Research Summary

Neuronal specification during nervous system development and maturation in Drosophila

Complex nervous system function depends upon the generation of many different subtypes of neurons and the lifelong modulation of their function by intercellular communication. The identity and function of a particular neuronal subtype is a product of the unique repertoire of ‘terminal differentiation’ genes that it expresses (eg. guidance molecules, ion channels, receptors, neurotransmitter biosynthetic enzymes, neuropeptides etc).

These genes are turned on after the neuron is born, but how neurons turn on the right set of genes is still poorly understood.
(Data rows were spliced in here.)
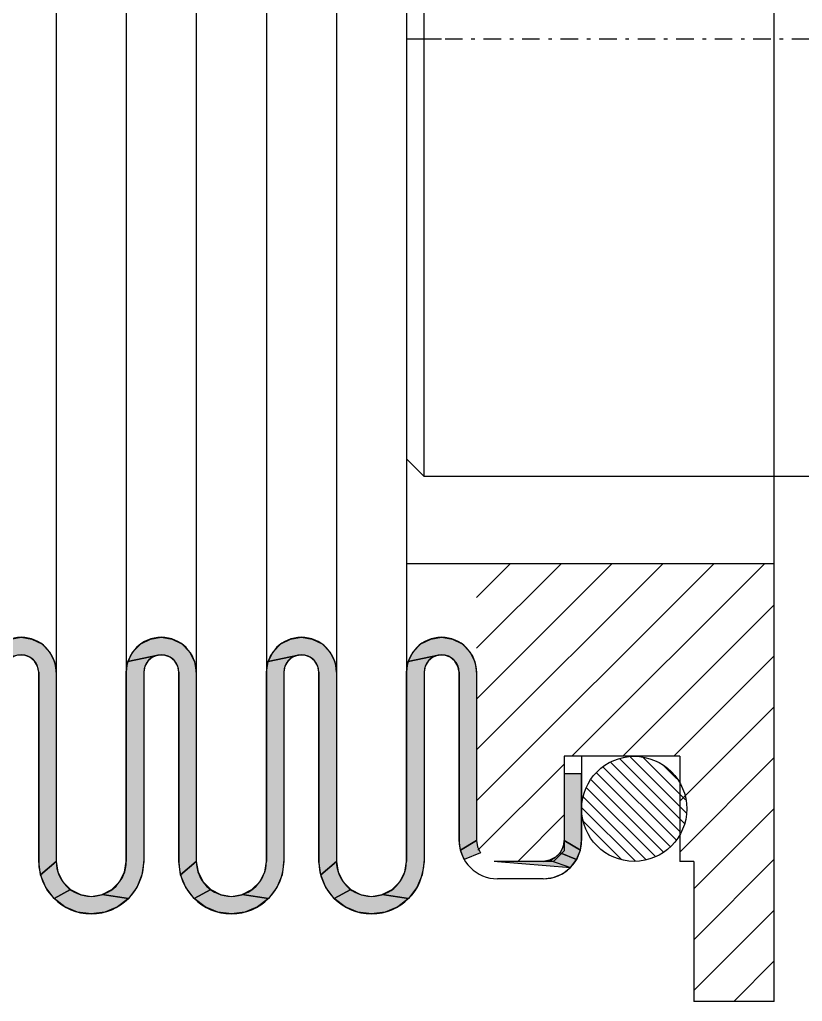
# Model space of a CAD drawing. Header units: millimetres. Extents: x -3388 to 4307, y 243 to 4457.
# Drawn here: x 7.46 to 29.8, y 1140.1 to 1168.15 of the extents above; entities that cross this region are included whole.
import ezdxf

# ---------------------------------------------------------------- set-up
doc = ezdxf.new("R2010")
doc.units = ezdxf.units.MM
doc.linetypes.add('CENTER', pattern=[50.8, 31.75, -6.35, 6.35, -6.35])
doc.linetypes.add('STRICHPUNKT', pattern=[1, 0.5, -0.25, 0, -0.25])
doc.layers.add('DEFAULT_1', color=7, linetype='CENTER')
doc.layers.add('M2STAR', color=2, linetype='STRICHPUNKT')

# ---------------------------------------------------------------- blocks, each defined once
blk = doc.blocks.new('*U146')
at = {"color": 2, "linetype": 'Continuous', "extrusion": (0, 0, -1)}
for points in [[(-132.56, 159.465), (-135.353, 159.023), (-132.117, 159.023)], [(-133.117, 159.749), (-134.911, 159.465), (-132.56, 159.465)], [(-134.911, 159.465), (-135.353, 159.023), (-132.56, 159.465)], [(-133.735, 159.847), (-134.353, 159.749), (-133.117, 159.749)], [(-134.353, 159.749), (-134.911, 159.465), (-133.117, 159.749)], [(-132.117, 159.023), (-133.562, 158.832), (-131.833, 158.465)], [(-135.353, 159.023), (-133.562, 158.832), (-132.117, 159.023)], [(-135.353, 159.023), (-133.909, 158.832), (-133.562, 158.832)], [(-135.353, 159.023), (-135.637, 158.465), (-133.909, 158.832)], [(-133.909, 158.832), (-135.637, 158.465), (-134.235, 158.713)], [(-134.235, 158.713), (-135.637, 158.465), (-134.501, 158.49)], [(-134.501, 158.49), (-135.637, 158.465), (-134.675, 158.189)], [(-135.637, 158.465), (-135.735, 157.847), (-134.675, 158.189)], [(-134.675, 158.189), (-135.735, 157.847), (-134.735, 157.847)], [(-134.735, 157.847), (-135.735, 147.047), (-134.735, 147.047)], [(-135.735, 157.847), (-135.735, 147.047), (-134.735, 157.847)], [(-135.735, 147.047), (-134.838, 146.271), (-134.735, 147.047)]]:
    blk.add_solid(points, dxfattribs=at)
blk = doc.blocks.new('*U147')
at = {"color": 2, "linetype": 'Continuous', "extrusion": (0, 0, -1)}
for points in [[(-140.56, 159.465), (-143.353, 159.023), (-140.117, 159.023)], [(-141.117, 159.749), (-142.911, 159.465), (-140.56, 159.465)], [(-142.911, 159.465), (-143.353, 159.023), (-140.56, 159.465)], [(-141.735, 159.847), (-142.353, 159.749), (-141.117, 159.749)], [(-142.353, 159.749), (-142.911, 159.465), (-141.117, 159.749)], [(-140.117, 159.023), (-141.562, 158.832), (-139.833, 158.465)], [(-143.353, 159.023), (-141.562, 158.832), (-140.117, 159.023)], [(-143.353, 159.023), (-141.909, 158.832), (-141.562, 158.832)], [(-143.353, 159.023), (-143.637, 158.465), (-141.909, 158.832)], [(-141.909, 158.832), (-143.637, 158.465), (-142.235, 158.713)], [(-142.235, 158.713), (-143.637, 158.465), (-142.501, 158.49)], [(-142.501, 158.49), (-143.637, 158.465), (-142.675, 158.189)], [(-143.637, 158.465), (-143.735, 157.847), (-142.675, 158.189)], [(-142.675, 158.189), (-143.735, 157.847), (-142.735, 157.847)], [(-142.735, 157.847), (-143.735, 147.047), (-142.735, 147.047)], [(-143.735, 157.847), (-143.735, 147.047), (-142.735, 157.847)], [(-143.735, 147.047), (-142.838, 146.271), (-142.735, 147.047)]]:
    blk.add_solid(points, dxfattribs=at)
blk = doc.blocks.new('*U148')
at = {"color": 2, "linetype": 'Continuous', "extrusion": (0, 0, -1)}
for points in [[(-148.56, 159.465), (-151.353, 159.023), (-148.117, 159.023)], [(-149.117, 159.749), (-150.911, 159.465), (-148.56, 159.465)], [(-150.911, 159.465), (-151.353, 159.023), (-148.56, 159.465)], [(-149.735, 159.847), (-150.353, 159.749), (-149.117, 159.749)], [(-150.353, 159.749), (-150.911, 159.465), (-149.117, 159.749)], [(-148.117, 159.023), (-149.562, 158.832), (-147.833, 158.465)], [(-151.353, 159.023), (-149.562, 158.832), (-148.117, 159.023)], [(-151.353, 159.023), (-149.909, 158.832), (-149.562, 158.832)], [(-151.353, 159.023), (-151.637, 158.465), (-149.909, 158.832)], [(-149.909, 158.832), (-151.637, 158.465), (-150.235, 158.713)], [(-150.235, 158.713), (-151.637, 158.465), (-150.501, 158.49)], [(-150.501, 158.49), (-151.637, 158.465), (-150.675, 158.189)], [(-151.637, 158.465), (-151.735, 157.847), (-150.675, 158.189)], [(-150.675, 158.189), (-151.735, 157.847), (-150.735, 157.847)], [(-150.735, 157.847), (-151.735, 147.047), (-150.735, 147.047)], [(-151.735, 157.847), (-151.735, 147.047), (-150.735, 157.847)], [(-151.735, 147.047), (-150.838, 146.271), (-150.735, 147.047)]]:
    blk.add_solid(points, dxfattribs=at)
blk = doc.blocks.new('*U149')
at = {"color": 2, "linetype": 'Continuous', "extrusion": (0, 0, -1)}
for points in [[(-156.56, 159.465), (-159.353, 159.023), (-156.117, 159.023)], [(-157.117, 159.749), (-158.911, 159.465), (-156.56, 159.465)], [(-158.911, 159.465), (-159.353, 159.023), (-156.56, 159.465)], [(-157.735, 159.847), (-158.353, 159.749), (-157.117, 159.749)], [(-158.353, 159.749), (-158.911, 159.465), (-157.117, 159.749)], [(-156.117, 159.023), (-157.562, 158.832), (-155.833, 158.465)], [(-159.353, 159.023), (-157.562, 158.832), (-156.117, 159.023)], [(-159.353, 159.023), (-157.909, 158.832), (-157.562, 158.832)], [(-159.353, 159.023), (-159.637, 158.465), (-157.909, 158.832)], [(-157.909, 158.832), (-159.637, 158.465), (-158.235, 158.713)], [(-158.235, 158.713), (-159.637, 158.465), (-158.501, 158.49)], [(-158.501, 158.49), (-159.637, 158.465), (-158.675, 158.189)], [(-159.637, 158.465), (-159.735, 157.847), (-158.675, 158.189)], [(-158.675, 158.189), (-159.735, 157.847), (-158.735, 157.847)], [(-158.735, 157.847), (-159.735, 148.247), (-158.735, 148.247)], [(-159.735, 157.847), (-159.735, 148.247), (-158.735, 157.847)], [(-159.735, 148.247), (-158.81, 147.678), (-158.735, 148.247)]]:
    blk.add_solid(points, dxfattribs=at)
blk = doc.blocks.new('*U154')
at = {"color": 2, "linetype": 'Continuous', "extrusion": (0, 0, -1)}
for points in [[(-141.562, 158.832), (-141.235, 158.713), (-139.833, 158.465)], [(-139.833, 158.465), (-140.796, 158.189), (-139.735, 157.847)], [(-140.796, 158.189), (-140.735, 157.847), (-139.735, 157.847)], [(-141.235, 158.713), (-140.969, 158.49), (-139.833, 158.465)], [(-140.969, 158.49), (-140.796, 158.189), (-139.833, 158.465)], [(-139.735, 157.847), (-140.735, 147.047), (-139.735, 147.047)], [(-140.735, 157.847), (-140.735, 147.047), (-139.735, 157.847)], [(-139.735, 147.047), (-140.633, 146.271), (-139.637, 146.429)], [(-140.735, 147.047), (-140.633, 146.271), (-139.735, 147.047)], [(-139.637, 146.429), (-140.633, 146.271), (-139.353, 145.871)], [(-139.353, 145.871), (-140.333, 145.547), (-138.911, 145.429)], [(-140.633, 146.271), (-140.333, 145.547), (-139.353, 145.871)], [(-138.911, 145.429), (-139.857, 144.926), (-138.353, 145.145)], [(-140.333, 145.547), (-139.857, 144.926), (-138.911, 145.429)]]:
    blk.add_solid(points, dxfattribs=at)
blk = doc.blocks.new('*U155')
at = {"color": 2, "linetype": 'Continuous', "extrusion": (0, 0, -1)}
for points in [[(-149.562, 158.832), (-149.235, 158.713), (-147.833, 158.465)], [(-147.833, 158.465), (-148.796, 158.189), (-147.735, 157.847)], [(-148.796, 158.189), (-148.735, 157.847), (-147.735, 157.847)], [(-149.235, 158.713), (-148.969, 158.49), (-147.833, 158.465)], [(-148.969, 158.49), (-148.796, 158.189), (-147.833, 158.465)], [(-147.735, 157.847), (-148.735, 147.047), (-147.735, 147.047)], [(-148.735, 157.847), (-148.735, 147.047), (-147.735, 157.847)], [(-147.735, 147.047), (-148.633, 146.271), (-147.637, 146.429)], [(-148.735, 147.047), (-148.633, 146.271), (-147.735, 147.047)], [(-147.637, 146.429), (-148.633, 146.271), (-147.353, 145.871)], [(-147.353, 145.871), (-148.333, 145.547), (-146.911, 145.429)], [(-148.633, 146.271), (-148.333, 145.547), (-147.353, 145.871)], [(-146.911, 145.429), (-147.857, 144.926), (-146.353, 145.145)], [(-148.333, 145.547), (-147.857, 144.926), (-146.911, 145.429)]]:
    blk.add_solid(points, dxfattribs=at)
blk = doc.blocks.new('*U156')
at = {"color": 2, "linetype": 'Continuous', "extrusion": (0, 0, -1)}
for points in [[(-157.562, 158.832), (-157.235, 158.713), (-155.833, 158.465)], [(-155.833, 158.465), (-156.796, 158.189), (-155.735, 157.847)], [(-156.796, 158.189), (-156.735, 157.847), (-155.735, 157.847)], [(-157.235, 158.713), (-156.969, 158.49), (-155.833, 158.465)], [(-156.969, 158.49), (-156.796, 158.189), (-155.833, 158.465)], [(-155.735, 157.847), (-156.735, 147.047), (-155.735, 147.047)], [(-156.735, 157.847), (-156.735, 147.047), (-155.735, 157.847)], [(-155.735, 147.047), (-156.633, 146.271), (-155.637, 146.429)], [(-156.735, 147.047), (-156.633, 146.271), (-155.735, 147.047)], [(-155.637, 146.429), (-156.633, 146.271), (-155.353, 145.871)], [(-155.353, 145.871), (-156.333, 145.547), (-154.911, 145.429)], [(-156.633, 146.271), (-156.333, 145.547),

Two regulatory inputs have been shown to play a role in regulating the expression of such ‘terminal differentiation’ genes; 1) the unique code of transcription factors expressed within the neuron, and 2) factors/signals that are secreted from the target cell that the neuron innervates. Our studies in Drosophila have demonstrated that these two inputs may actually functionally intersect to determine the mature gene expression repertoire of neurons.

Our research aims to investigate the mechanisms by which neurons selectively express the genes that define their unique identities and functions, exploring the roles of combinations of transcription factors and extrinsic signals. The genes and mechanisms that govern cell specification are highly conserved from invertebrates to humans. Therefore, we can learn much about the fundamental principles and molecular mechanisms relevant to vertebrate neuronal differentiation using the simpler nervous system and genetic amenability of Drosophila.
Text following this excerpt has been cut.